[also reported to collector, but this breaks textindex Catalogs totally, so I thought it was also worth cc'ing to the list] The current CVS version of ZCatalog has a couple of nasty bugs in it. First off, the standard nonglobbing Lexicon uses a variable 'self.counter', without ever initialising it. Oops. Secondly, Catalog handles the default Lexicon case inconsistently. In the case of a lexicon being provided, it stores the name as self.lexicon, otherwise it stores a Lexicon _object_ as self.lexicon. Later on, it tries to do a getattr with the lexicon object as the second arg. The first bug utterly breaks non-globbing Lexicons. The second bug breaks textindexes that don't provide a lexicon at creation time. A patch for both follows. Note that the patch tries to handle gracefully existing Catalogs and Lexicons that might be broken. The complete fix would also handle the case of the Lexicon being created in a saner way - maybe always store the name... ? If the email system munges this patch, it's also at http://www.zope.org/Members/anthony/patches/zcatalog-lexicon.diff Thanks, Anthony Index: Lexicon.py =================================================================== RCS file: /cvs-repository/Zope2/lib/python/SearchIndex/Lexicon.py,v retrieving revision 1.8 diff -u -r1.8 Lexicon.py --- Lexicon.py 2000/02/01 18:40:20 1.8 +++ Lexicon.py 2000/02/19 08:55:16 @@ -115,6 +115,7 @@ def __init__(self): self._lexicon = OIBTree() + self.counter = 0 def set(self, word): """ return the word id of 'word' """ @@ -123,6 +124,8 @@ return self._lexicon[word] else: + if not hasattr(self, 'counter'): + self.counter = 0 self._lexicon[intern(word)] = self.counter self.counter = self.counter + 1 return self.counter Index: UnTextIndex.py =================================================================== RCS file: /cvs-repository/Zope2/lib/python/SearchIndex/UnTextIndex.py,v retrieving revision 1.19 diff -u -r1.19 UnTextIndex.py --- UnTextIndex.py 2000/01/31 19:25:35 1.19 +++ UnTextIndex.py 2000/02/19 08:55:16 @@ -172,7 +172,10 @@ Zope. I don't think indexes were ever intended to participate in this way, but I don't see too much of a problem with it. """ - vocab = getattr(self, vocab_id) + if type(vocab_id) is not type(""): + vocab = vocab_id + else: + vocab = getattr(self, vocab_id) return vocab.lexicon -- Anthony Baxter <anthony@interlink.com.au> It's never too late to have a happy childhood.
Anthony Baxter wrote:
[also reported to collector, but this breaks textindex Catalogs totally, so I thought it was also worth cc'ing to the list]

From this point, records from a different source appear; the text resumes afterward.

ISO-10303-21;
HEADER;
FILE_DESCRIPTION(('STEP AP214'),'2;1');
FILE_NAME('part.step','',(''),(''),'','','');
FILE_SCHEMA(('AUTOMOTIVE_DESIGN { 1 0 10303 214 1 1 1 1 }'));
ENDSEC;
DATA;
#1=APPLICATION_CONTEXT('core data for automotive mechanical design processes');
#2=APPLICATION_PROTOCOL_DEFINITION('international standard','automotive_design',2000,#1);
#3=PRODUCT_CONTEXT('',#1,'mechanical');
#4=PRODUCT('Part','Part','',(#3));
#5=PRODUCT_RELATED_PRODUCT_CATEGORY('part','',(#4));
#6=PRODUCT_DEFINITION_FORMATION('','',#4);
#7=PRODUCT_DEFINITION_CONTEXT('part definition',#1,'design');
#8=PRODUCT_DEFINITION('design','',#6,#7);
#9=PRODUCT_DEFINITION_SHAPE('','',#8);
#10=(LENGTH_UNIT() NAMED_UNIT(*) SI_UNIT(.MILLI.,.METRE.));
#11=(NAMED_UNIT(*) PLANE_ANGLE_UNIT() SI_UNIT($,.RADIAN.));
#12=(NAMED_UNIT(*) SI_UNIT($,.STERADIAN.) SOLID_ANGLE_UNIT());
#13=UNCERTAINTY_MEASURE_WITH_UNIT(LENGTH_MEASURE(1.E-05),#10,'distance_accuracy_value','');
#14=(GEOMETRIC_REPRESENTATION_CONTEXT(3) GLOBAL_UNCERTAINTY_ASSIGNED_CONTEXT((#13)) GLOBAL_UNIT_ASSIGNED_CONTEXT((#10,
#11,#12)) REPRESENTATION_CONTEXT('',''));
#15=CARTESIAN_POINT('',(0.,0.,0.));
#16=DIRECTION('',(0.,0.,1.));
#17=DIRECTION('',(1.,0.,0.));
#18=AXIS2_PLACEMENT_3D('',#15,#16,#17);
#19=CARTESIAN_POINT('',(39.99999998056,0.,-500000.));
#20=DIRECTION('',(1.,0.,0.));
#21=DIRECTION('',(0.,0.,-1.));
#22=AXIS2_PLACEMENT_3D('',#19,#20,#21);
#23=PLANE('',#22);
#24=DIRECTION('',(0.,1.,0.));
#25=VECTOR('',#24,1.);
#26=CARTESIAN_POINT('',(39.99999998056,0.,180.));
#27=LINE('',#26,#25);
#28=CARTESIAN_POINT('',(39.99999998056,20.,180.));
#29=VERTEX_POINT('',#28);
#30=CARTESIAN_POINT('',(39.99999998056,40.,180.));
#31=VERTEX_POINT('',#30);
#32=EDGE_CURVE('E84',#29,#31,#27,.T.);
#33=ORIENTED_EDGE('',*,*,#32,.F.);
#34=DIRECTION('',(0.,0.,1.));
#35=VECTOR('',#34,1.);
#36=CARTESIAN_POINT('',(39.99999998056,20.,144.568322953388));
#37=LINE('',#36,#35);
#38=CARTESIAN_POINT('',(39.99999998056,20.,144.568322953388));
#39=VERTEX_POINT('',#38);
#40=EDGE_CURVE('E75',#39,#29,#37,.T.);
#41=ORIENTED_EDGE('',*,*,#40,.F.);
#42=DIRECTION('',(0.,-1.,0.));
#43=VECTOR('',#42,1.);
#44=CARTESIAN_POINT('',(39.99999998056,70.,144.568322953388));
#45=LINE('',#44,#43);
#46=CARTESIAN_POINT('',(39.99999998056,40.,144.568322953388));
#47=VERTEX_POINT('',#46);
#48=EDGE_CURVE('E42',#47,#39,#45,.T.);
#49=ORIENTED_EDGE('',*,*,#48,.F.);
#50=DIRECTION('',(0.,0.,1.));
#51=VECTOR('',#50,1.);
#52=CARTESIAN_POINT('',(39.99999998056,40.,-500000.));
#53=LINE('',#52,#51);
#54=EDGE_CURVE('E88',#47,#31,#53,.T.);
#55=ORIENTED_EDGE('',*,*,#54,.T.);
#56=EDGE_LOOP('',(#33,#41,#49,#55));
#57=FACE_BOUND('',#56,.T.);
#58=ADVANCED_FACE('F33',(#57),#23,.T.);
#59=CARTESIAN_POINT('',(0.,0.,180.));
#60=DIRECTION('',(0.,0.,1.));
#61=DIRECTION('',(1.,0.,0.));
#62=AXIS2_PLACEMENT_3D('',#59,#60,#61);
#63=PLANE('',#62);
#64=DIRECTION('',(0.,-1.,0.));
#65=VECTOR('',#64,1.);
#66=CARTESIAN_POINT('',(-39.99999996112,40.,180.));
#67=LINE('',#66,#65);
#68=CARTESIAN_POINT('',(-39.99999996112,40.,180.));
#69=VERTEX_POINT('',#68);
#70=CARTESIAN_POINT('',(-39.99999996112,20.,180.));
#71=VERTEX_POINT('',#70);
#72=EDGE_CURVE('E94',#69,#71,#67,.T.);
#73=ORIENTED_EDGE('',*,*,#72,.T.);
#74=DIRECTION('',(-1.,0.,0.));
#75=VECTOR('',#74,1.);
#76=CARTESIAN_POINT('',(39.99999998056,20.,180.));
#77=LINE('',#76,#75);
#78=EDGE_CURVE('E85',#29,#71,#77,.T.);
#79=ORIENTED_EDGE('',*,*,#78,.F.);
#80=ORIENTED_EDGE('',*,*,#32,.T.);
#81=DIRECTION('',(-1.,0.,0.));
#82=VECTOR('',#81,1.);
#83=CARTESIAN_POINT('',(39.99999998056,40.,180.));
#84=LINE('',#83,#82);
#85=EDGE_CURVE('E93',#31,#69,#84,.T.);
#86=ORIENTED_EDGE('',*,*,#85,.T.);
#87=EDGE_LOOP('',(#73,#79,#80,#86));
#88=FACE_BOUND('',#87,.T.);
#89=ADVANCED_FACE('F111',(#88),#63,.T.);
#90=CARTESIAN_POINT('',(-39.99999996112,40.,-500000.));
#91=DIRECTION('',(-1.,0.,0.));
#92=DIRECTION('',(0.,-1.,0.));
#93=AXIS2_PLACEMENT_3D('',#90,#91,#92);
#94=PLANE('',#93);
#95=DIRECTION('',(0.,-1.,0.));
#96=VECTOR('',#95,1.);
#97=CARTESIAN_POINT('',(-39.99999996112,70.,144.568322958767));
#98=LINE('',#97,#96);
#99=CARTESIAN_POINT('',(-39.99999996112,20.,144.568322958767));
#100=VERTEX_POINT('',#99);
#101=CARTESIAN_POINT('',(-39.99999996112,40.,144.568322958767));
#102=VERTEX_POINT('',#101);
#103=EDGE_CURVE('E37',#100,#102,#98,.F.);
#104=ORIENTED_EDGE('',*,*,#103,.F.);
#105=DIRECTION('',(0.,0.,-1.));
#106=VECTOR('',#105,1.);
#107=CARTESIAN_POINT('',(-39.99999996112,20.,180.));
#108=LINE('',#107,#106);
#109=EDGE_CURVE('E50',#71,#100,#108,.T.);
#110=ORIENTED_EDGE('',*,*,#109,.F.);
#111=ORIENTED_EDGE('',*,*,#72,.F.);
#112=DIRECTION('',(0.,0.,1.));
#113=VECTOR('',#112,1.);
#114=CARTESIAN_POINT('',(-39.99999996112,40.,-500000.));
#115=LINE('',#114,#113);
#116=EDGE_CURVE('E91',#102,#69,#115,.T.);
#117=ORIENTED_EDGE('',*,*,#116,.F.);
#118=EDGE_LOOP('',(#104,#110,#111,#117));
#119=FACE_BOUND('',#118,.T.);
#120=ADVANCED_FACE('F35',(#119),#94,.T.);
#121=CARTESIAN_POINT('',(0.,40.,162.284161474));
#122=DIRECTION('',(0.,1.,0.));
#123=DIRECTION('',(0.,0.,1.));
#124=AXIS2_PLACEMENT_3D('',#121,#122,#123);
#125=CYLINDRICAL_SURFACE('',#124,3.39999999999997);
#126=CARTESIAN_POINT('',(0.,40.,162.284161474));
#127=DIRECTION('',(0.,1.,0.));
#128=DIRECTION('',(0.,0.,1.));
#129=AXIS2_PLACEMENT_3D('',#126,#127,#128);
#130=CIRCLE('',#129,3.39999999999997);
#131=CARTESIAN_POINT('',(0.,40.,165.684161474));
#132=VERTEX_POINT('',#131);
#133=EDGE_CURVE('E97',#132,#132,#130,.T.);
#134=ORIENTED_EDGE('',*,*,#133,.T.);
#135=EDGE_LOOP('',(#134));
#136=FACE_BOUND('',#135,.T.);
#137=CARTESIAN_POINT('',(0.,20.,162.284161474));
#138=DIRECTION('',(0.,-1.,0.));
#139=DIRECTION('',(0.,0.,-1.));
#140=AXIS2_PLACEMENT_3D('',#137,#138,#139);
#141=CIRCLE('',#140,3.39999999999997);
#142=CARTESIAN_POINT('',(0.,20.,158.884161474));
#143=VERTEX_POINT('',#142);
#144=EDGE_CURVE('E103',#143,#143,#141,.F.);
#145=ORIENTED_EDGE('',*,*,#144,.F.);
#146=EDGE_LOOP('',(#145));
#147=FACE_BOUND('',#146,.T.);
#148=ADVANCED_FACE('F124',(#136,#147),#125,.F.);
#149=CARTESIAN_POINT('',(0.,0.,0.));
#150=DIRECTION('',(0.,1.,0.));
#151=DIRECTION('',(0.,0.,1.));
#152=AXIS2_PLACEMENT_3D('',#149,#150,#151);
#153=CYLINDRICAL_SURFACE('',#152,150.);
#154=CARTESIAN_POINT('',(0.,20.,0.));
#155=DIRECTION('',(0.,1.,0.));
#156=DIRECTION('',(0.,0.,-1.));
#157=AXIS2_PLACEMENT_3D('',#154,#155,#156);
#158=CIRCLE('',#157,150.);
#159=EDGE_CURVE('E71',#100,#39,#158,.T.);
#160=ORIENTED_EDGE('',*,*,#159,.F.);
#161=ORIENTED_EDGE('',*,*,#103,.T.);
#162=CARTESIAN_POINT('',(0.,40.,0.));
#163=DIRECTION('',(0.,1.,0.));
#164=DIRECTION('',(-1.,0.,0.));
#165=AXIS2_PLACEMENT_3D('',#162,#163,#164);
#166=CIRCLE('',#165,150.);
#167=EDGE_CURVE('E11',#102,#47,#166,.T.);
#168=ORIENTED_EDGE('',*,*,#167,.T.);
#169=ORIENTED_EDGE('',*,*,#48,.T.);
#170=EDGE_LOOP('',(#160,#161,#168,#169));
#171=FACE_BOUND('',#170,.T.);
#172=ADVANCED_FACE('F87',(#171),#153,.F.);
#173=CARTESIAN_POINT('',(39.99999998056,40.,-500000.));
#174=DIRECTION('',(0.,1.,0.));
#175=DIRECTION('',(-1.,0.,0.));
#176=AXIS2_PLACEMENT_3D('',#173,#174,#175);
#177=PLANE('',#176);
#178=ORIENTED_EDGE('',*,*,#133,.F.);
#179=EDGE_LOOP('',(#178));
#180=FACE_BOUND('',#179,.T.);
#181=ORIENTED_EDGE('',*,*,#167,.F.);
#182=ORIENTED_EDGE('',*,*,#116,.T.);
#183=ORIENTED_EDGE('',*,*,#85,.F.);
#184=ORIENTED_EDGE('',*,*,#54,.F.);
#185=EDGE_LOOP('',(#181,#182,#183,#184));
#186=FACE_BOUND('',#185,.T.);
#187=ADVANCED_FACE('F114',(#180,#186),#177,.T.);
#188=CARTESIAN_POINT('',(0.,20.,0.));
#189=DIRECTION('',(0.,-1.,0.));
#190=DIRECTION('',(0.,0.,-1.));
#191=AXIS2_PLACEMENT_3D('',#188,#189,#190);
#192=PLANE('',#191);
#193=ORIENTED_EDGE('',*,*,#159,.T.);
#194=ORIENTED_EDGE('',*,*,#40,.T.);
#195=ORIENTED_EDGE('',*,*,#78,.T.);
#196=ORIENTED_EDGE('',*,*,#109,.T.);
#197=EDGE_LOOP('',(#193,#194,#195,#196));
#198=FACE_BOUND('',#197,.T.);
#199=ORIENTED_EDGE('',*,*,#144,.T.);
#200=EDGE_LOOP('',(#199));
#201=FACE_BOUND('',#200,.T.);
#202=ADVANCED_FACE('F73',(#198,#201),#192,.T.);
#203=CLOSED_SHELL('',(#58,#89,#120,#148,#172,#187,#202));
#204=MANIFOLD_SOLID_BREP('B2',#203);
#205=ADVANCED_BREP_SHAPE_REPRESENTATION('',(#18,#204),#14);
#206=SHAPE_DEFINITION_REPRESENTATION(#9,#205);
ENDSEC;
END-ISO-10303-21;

The current CVS version of ZCatalog has a couple of nasty bugs in it.
First off, the standard nonglobbing Lexicon uses a variable 'self.counter', without ever initialising it. Oops.
Aye Carumba.
Secondly, Catalog handles the default Lexicon case inconsistently. In the case of a lexicon being provided, it stores the name as self.lexicon, otherwise it stores a Lexicon _object_ as self.lexicon. Later on, it tries to do a getattr with the lexicon object as the second arg.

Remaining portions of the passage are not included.